(Beginning of Material shown)

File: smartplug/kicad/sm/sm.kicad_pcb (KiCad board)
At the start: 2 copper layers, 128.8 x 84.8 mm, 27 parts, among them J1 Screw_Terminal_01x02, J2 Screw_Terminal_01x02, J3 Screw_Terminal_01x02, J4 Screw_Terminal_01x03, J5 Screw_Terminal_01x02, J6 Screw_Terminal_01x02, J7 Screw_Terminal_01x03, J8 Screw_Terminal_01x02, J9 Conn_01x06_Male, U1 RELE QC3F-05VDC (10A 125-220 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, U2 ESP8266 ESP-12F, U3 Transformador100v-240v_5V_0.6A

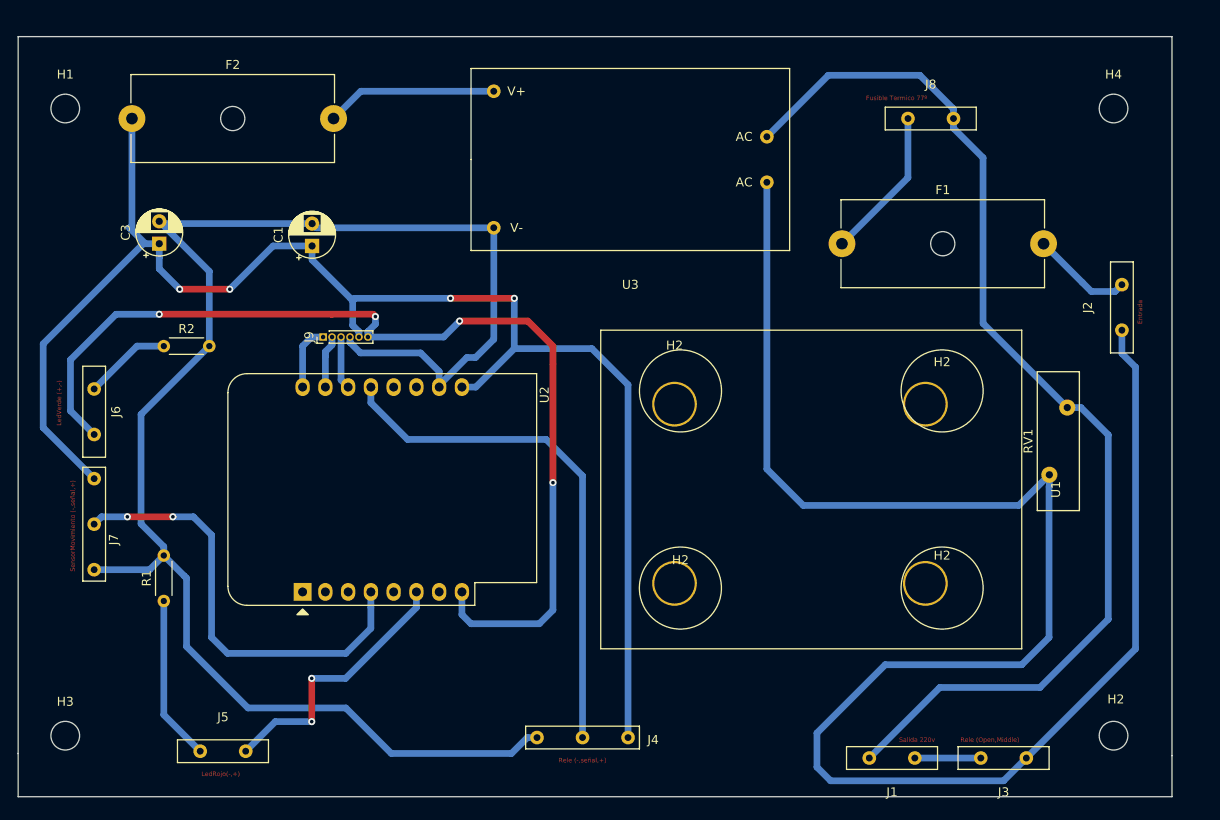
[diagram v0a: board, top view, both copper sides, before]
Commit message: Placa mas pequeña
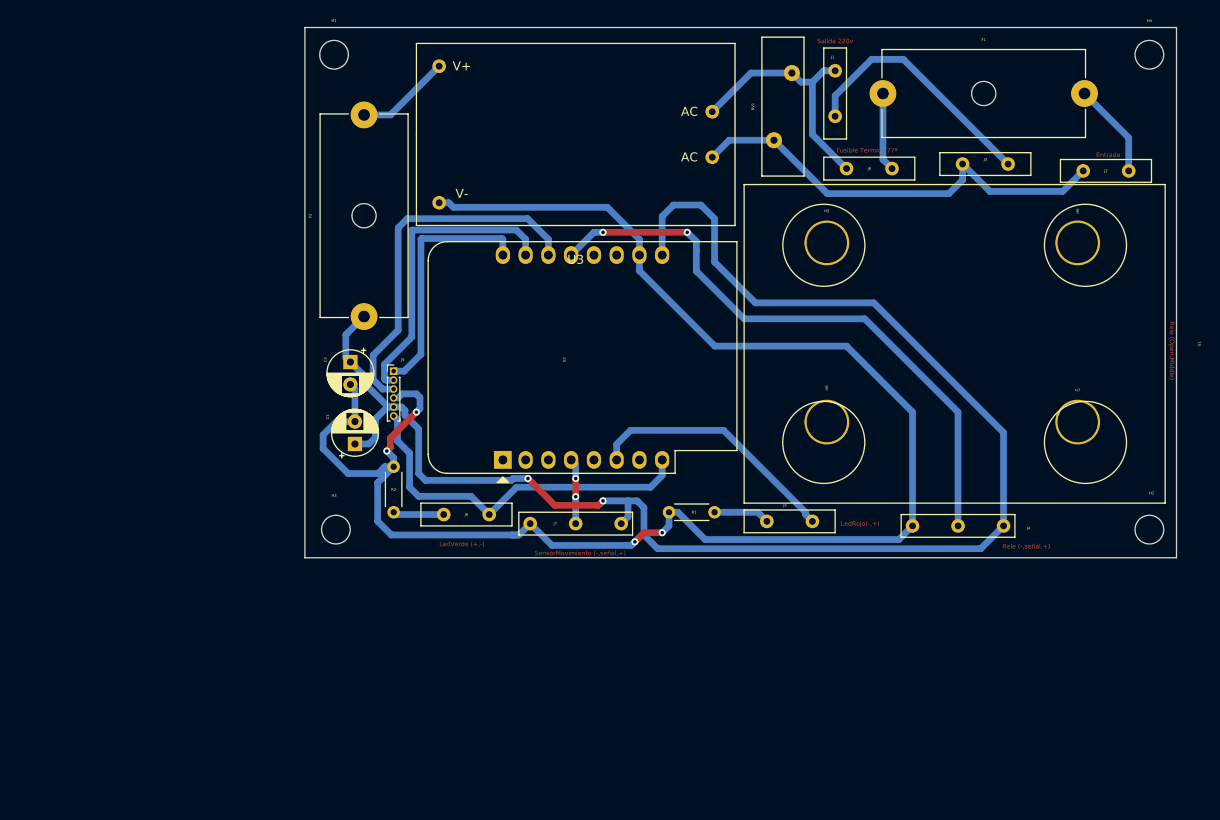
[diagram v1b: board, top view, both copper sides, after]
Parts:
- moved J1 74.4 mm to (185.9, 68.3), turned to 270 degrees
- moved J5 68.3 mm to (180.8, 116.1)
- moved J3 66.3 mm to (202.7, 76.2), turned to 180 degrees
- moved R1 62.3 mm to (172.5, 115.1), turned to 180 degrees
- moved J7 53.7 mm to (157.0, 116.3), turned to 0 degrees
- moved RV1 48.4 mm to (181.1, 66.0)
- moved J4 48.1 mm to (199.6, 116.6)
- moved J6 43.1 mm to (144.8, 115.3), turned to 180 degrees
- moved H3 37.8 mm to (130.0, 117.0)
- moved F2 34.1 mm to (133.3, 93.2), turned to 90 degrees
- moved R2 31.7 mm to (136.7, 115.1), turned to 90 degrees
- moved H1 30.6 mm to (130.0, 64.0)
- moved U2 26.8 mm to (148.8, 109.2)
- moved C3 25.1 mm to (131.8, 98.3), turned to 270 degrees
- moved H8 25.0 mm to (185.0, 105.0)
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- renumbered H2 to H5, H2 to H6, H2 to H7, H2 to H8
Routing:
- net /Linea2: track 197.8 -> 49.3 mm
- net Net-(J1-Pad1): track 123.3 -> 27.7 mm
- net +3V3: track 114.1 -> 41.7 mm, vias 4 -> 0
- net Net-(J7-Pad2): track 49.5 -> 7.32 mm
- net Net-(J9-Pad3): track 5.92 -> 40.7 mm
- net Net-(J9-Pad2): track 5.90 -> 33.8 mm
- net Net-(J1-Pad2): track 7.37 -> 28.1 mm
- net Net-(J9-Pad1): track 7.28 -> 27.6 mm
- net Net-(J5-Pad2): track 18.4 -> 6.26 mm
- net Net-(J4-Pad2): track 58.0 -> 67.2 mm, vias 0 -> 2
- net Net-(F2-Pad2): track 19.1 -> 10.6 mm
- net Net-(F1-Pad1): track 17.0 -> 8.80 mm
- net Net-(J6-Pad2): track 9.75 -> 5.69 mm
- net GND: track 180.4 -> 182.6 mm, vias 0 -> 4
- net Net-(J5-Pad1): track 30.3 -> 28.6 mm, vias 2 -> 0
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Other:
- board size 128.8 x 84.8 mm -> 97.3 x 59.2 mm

(End of Material shown)

Each line in the records that carries "view" must be copied out.

• **Response box**:
[diagram v0a: board, top view, both copper sides, before]
[diagram v1b: board, top view, both copper sides, after]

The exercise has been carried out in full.